Factor the following as if it were a trinomial

9t^1/1-25

I am sure it was not worded like that in your textbook.

hmmm...that's how it's worded.

Does this help?

(9t^1/1)-25

I know most of the answer is (3t+5)(3t-5). What I don't understand is the exponent of 1/1. How would that be factored in the equation?

nope,

the 1/1 part is simply 1 , so 9t^1/1 simply becomes 9t
so you have just 9t - 25 , which does not factor

The computer says that 9t-25 isn't correct. Any thoughts?

Must be the way you typed the original question.

If the answer is (3t+5)(3t-5) then the original question must have been

9t^2 - 25 , which is not even close to what you typed.

No, that's not it either. The directions say to factor as if it were a trinomial. I'm probably typing the actual problem wrong. I'll try to use words in the problem and see if that helps.

9t with the exponent of 1/1 minus 25

And as I said before, 1/1 is merely 1, so why even have the exponent ?

If it were the way I suspect as 9t^2 - 25
you could write it as a trinomial by inserting 0t and now you have a trinomial

9t^2 + 0t - 25
= (3t+5)(3t-5)

but you claim that is not right.

I don't think I can be of any more help if you insist that the question was as you typed it.

Thanks for trying to help.
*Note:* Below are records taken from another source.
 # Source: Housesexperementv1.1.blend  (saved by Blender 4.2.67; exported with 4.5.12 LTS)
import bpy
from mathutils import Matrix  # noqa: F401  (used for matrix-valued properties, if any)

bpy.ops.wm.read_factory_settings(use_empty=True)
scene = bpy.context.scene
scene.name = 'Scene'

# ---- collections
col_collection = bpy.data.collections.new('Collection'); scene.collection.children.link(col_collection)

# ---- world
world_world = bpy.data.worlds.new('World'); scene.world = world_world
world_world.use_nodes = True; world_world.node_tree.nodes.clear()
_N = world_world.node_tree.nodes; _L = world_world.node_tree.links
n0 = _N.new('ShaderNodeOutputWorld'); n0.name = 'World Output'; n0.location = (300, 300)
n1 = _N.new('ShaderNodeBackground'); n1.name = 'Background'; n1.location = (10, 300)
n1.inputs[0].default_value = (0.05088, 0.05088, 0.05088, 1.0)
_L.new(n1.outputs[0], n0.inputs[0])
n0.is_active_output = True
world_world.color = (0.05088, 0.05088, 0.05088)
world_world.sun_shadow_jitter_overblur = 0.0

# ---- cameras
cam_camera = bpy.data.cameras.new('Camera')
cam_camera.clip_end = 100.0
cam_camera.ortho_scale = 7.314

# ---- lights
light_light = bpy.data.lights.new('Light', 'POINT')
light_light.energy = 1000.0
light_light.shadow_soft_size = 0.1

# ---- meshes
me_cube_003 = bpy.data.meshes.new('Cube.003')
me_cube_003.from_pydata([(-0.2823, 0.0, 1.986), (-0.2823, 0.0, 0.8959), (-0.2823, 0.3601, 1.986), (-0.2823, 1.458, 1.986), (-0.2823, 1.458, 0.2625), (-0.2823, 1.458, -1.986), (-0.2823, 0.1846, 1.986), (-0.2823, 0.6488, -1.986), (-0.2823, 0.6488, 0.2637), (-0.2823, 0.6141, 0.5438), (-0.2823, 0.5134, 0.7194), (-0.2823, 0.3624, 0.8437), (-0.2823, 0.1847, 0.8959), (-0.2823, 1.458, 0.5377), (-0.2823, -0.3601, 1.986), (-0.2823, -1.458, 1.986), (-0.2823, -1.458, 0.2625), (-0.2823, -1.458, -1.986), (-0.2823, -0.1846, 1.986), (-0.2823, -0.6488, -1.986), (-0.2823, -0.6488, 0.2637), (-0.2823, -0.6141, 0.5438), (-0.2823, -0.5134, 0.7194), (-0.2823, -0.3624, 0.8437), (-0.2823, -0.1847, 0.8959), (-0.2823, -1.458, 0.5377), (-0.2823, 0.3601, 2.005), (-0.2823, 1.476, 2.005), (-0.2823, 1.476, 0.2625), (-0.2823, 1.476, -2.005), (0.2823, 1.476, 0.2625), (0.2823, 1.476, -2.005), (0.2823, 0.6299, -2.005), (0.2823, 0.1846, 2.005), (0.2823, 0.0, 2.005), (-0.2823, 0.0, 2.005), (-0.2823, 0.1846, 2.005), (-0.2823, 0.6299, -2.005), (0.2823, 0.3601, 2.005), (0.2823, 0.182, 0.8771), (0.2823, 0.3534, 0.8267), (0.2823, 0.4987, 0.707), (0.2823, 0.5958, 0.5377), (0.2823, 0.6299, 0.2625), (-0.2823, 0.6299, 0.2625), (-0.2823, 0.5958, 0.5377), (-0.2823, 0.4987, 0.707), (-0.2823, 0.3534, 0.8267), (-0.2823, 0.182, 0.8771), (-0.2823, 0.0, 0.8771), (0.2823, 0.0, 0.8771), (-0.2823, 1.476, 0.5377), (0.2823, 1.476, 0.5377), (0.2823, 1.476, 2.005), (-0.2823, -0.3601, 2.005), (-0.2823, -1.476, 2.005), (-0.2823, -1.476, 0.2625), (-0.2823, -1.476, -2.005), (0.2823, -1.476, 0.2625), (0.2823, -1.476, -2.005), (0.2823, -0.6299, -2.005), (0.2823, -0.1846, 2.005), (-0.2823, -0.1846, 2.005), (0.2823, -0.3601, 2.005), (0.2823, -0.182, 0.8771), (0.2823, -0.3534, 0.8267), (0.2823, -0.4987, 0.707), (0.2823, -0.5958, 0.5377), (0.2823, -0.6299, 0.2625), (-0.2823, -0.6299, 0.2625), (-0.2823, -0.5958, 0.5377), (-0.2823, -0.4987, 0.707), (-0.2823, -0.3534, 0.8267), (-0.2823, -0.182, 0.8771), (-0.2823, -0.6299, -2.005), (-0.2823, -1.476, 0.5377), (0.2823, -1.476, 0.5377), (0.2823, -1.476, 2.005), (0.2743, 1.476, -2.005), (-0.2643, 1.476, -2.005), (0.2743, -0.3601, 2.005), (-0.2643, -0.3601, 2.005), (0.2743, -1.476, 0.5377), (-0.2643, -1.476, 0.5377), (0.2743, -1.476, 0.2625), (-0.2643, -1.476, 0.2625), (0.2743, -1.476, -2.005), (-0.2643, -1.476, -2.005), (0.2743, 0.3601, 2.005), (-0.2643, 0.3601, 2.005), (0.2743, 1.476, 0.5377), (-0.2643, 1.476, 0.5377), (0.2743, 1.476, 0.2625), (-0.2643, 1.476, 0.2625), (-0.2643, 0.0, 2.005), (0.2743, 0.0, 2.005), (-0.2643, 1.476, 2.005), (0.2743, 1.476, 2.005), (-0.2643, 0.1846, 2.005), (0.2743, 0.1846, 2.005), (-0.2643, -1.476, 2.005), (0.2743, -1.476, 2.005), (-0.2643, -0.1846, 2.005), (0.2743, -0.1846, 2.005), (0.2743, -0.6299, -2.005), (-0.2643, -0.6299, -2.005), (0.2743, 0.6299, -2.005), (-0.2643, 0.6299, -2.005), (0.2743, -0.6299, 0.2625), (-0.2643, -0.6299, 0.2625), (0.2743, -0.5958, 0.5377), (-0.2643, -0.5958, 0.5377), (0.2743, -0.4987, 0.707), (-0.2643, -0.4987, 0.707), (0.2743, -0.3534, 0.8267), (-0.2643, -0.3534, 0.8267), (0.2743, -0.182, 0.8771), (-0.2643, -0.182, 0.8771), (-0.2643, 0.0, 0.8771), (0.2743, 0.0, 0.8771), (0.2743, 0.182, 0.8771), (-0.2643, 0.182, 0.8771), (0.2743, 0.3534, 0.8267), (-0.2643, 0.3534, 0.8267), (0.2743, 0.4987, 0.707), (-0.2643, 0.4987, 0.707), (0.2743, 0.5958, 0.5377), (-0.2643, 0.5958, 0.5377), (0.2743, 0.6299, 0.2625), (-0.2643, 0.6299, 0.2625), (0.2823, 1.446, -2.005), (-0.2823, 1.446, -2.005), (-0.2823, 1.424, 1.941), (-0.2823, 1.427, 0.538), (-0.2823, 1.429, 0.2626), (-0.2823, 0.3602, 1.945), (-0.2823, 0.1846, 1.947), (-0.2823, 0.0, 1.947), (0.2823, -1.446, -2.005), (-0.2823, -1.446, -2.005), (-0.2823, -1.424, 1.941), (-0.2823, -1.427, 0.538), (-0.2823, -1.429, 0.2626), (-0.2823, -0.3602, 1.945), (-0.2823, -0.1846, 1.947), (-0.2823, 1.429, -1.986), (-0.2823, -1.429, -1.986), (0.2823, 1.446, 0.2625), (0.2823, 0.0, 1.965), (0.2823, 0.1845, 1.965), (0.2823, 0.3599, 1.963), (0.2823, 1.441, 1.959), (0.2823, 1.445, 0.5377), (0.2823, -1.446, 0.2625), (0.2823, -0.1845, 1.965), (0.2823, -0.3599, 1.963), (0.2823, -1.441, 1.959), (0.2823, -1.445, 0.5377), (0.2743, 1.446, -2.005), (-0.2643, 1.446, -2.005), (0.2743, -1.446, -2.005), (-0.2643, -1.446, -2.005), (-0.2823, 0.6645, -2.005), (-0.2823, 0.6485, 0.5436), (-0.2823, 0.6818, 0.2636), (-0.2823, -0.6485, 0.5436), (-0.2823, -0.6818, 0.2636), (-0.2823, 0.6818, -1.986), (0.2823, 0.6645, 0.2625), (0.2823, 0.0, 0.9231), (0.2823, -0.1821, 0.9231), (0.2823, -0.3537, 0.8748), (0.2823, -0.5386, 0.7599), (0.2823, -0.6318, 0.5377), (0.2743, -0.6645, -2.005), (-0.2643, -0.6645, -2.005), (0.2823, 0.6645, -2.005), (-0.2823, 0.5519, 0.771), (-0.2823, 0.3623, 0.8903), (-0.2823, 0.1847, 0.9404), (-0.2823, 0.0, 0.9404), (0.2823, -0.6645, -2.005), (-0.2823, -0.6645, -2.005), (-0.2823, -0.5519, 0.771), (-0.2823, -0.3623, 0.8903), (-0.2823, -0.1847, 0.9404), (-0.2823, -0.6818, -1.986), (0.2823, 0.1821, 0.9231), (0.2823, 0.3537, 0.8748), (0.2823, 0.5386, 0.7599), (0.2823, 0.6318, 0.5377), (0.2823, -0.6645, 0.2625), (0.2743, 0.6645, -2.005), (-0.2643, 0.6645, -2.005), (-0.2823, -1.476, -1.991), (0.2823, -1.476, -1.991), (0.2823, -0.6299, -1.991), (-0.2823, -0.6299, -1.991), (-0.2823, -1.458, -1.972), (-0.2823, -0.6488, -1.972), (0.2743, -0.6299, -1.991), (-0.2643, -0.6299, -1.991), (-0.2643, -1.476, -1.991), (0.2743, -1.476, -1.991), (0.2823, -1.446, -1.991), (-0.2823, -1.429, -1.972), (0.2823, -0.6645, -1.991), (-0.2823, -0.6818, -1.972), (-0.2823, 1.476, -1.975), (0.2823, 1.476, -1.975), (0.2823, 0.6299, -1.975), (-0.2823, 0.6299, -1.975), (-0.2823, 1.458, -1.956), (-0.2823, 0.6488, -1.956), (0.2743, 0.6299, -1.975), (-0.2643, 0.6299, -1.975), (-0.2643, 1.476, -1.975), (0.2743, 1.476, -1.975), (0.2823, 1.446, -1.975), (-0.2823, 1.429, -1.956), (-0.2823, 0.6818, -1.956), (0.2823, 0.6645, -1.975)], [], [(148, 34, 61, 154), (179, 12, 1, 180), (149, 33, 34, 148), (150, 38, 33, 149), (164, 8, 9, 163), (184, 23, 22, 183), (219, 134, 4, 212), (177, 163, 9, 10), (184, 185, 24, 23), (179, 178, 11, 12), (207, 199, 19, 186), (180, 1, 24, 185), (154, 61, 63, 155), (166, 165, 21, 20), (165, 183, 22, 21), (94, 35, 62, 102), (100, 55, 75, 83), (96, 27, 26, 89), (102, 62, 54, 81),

The answer was (3t^1/2+5)(3t^1/2 -5).

Well yeahh!

That would make it
(3√t + 5)(3√t - 5) = 9t - 25 , and the
9t - 25 is what I had pointed out to you above.

Usually, the instruction to "factor" implies that we restrict ourselves to rational numbers.
If you allow irrationals, like the above, or even imaginary numbers, then anything goes.